Justice Markandey Kajtu, a former judge of the Supreme Court of India most high who recently assumed the office of chairman of the 28-member Press Council of India enacted for the purpose of “preserving the freedom of the Press and of maintaining and improving the standards of newspapers and news agencies in India”, doesn’t have a high opinion of the media and journalists. From every platform available, he hasn’t missed the opportunity to indulge in media bashing. The reformist judge needs to be reminded about the perils of people living in glass houses.

On January 17 a large contingent of the black coated gentry brought all traffic in the heart of the garden city to a halt for over four hours by staging a protest. Their grievance was that one of their fraternity had been admonished that morning by a police constable for riding three astride a two-wheeler, and that too without the mandatory helmet. This act of lese majeste prompted a 1,000 mob of the learned counsels to stage the massive public demonstration.

Frequent resort to violence by lawyers who are sworn to uphold the law, is only one of the acts of commission and omission visited upon the republic by the black-coated fraternity. Persistent failure of members of the bar and bench to reform archaic procedural laws and speed up the wheels of justice has lumbered the nation with a backlog of 33 million cases pending before the courts. According to one estimate, at the current rate of case disposal in India’s courts, the judicial backlog will be cleared 320 years hence. And within the swirling chaos of the country’s over-hyped independent judicial system, by exploiting the law’s delay and ineptitude, the black-coated gentry has prospered mightily. Currently over a dozen top Supreme Court counsel rake in over Rs.50 crore per year. Yet neither the Bar Council of India nor any of the leading lights of bar and bench have made any meaningful suggestions to clear the case backlog or reform the country’s archaic procedural laws.
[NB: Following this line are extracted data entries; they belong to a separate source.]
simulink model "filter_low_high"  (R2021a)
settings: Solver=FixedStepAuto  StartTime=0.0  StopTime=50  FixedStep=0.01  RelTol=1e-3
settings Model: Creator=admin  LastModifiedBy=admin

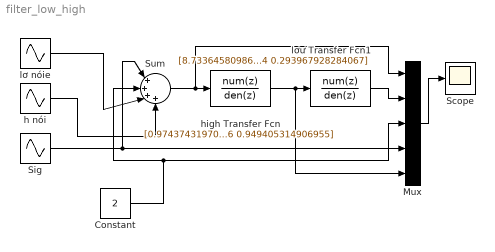
== system filter_low_high ==
  Constant : Constant  Value=2
  Mux : Mux  Inputs=5
  Scope : Scope
  Sig : Sin  Frequency=2*pi*1.5  SampleTime=0.01
  Sum : Sum  Inputs=|++++
  h nói : Sin  Amplitude=4  Frequency=2*pi*50  SampleTime=0.01
  high Transfer Fcn : DiscreteTransferFcn  Numerator=[0.974374319708270 -3.897497278833082 5.846245918249623 -3.897497278833082 0.974374319708270]  Denominator=[1 -3.948081940141342 5.845589318686745 -3.846912541597286 0.949405314906955]
  lơ nóie : Sin  Amplitude=2  Frequency=2*pi*0.05  SampleTime=0.01
  lơư Transfer Fcn1 : DiscreteTransferFcn  Numerator="[8.73364580986315e-06\t5.24018748591789e-05\t0.000131004687147947\t0.000174672916197263\t0.000131004687147947 5.24018748591789e-05\t8.73364580986315e-06]"  Denominator=[1 -4.783119805467426 9.634103030016156 -10.445088376732409 6.422227494861858 -2.121531317630414 0.293967928284067]
  wires:
  high Transfer Fcn/1 -> Mux/5, lơư Transfer Fcn1/1
  Mux/1 -> Scope/1
  lơư Transfer Fcn1/1 -> Mux/2
  Constant/1 -> Sum/2, Mux/3
  Sum/1 -> Mux/1, high Transfer Fcn/1
  Sig/1 -> Mux/4, Sum/1
  lơ nóie/1 -> Sum/3
  h nói/1 -> Sum/4
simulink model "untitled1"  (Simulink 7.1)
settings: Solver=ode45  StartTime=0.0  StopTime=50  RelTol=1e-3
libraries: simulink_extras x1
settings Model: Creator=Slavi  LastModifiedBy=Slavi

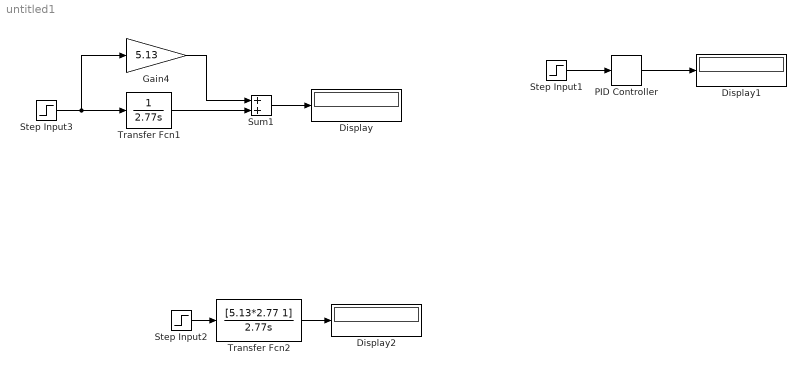
== system untitled1 ==
  Display : Display
  Display1 : Display
  Display2 : Display
  Gain4 : Gain  Gain=5.13  SaturateOnIntegerOverflow=on  OutDataTypeStr=Inherit: Same as input  ParamDataTypeStr=Inherit: Same as input
  PID Controller : simulink_extras/Additional Linear/PID Controller  SystemSampleTime=-1  P=5.13  I=1/2.77  D=0
  Step Input1 : Step  Time=0  After=233  SampleTime=0
  Step Input2 : Step  Time=0  After=233  SampleTime=0
  Step Input3 : Step  Time=0  After=233  SampleTime=0
  Sum1 : Sum  SaturateOnIntegerOverflow=on  InputSameDT=on  OutDataTypeStr=Inherit: Same as first input
  Transfer Fcn1 : TransferFcn  Denominator=[2.77 0]
  Transfer Fcn2 : TransferFcn  Numerator=[5.13*2.77 1]  Denominator=[2.77 0]
  wires:
  Step Input3/1 -> Transfer Fcn1/1, Gain4/1
  Gain4/1 -> Sum1/1
  Transfer Fcn1/1 -> Sum1/2
  Sum1/1 -> Display/1
  Step Input1/1 -> PID Controller/1
  PID Controller/1 -> Display1/1
  Step Input2/1 -> Transfer Fcn2/1
  Transfer Fcn2/1 -> Display2/1

Over four decades ago your editor began his career as a barrister in the Bombay high court. But appalled by the lack of idealism and primitive capital accumulation obsession of the legal fraternity, I quit the bar. In retrospect it was a good decision. I would have been more embarrassed by the company I would have had to keep, than I keep now.

CISCE in hibernation

An unprecedented power vacuum at the top has frozen all affiliation applications to the Delhi-based Council of Indian School Certificate Examinations (CISCE) — the country’s most prestigious school-leaving examinations board which has some of the top-ranked secondaries including Doon School, Shri Ram (Delhi), and St. Paul’s (Darjeeling) affiliated with it. The council has been immobilised by an apex-level power struggle between the Rt. Rev. Jose Aikara, principal of the De Paul School, Mysore and board members drawn from the Association of Anglo-Indian Schools (AAIS), who have been managing CISCE for the past half century. In July last year Aikara was controversially elected pro tem chairman of the board and executive committee after Neil O’Brien, who had served as chairman for almost two decades, resigned abruptly because of ill-health. Aikara was elected and appointed chairman for the remainder of O’Brien’s term, i.e until November.

According to CISCE insiders, towards the end of his three-month term Aikara presented a draft resolution to the main board proposing an increase in the number of executive committee members from five to 15, with a right vested in the chairman to nominate the other nine from the wider community of affiliated schools. Unsurprisingly this proposal which was construed as a palace coup to wrest control of CISCE, rang alarm bells in AAIS which moved the Delhi high court. By an order issued in December, the court stayed the election of the new committee and alteration of the composition of the executive committee. Nevertheless despite his term having ended in November, Aikara continues to describe himself as chairman of the CISCE board and announce syllabus and policy changes.

Over 200 affiliation applications from schools across the country are pending approval of the board. But with the stakes — the power to grant affiliation — being high, neither AAIS nor Aikara are budging even as the country’s once most respected examinations board is in a state of hibernation.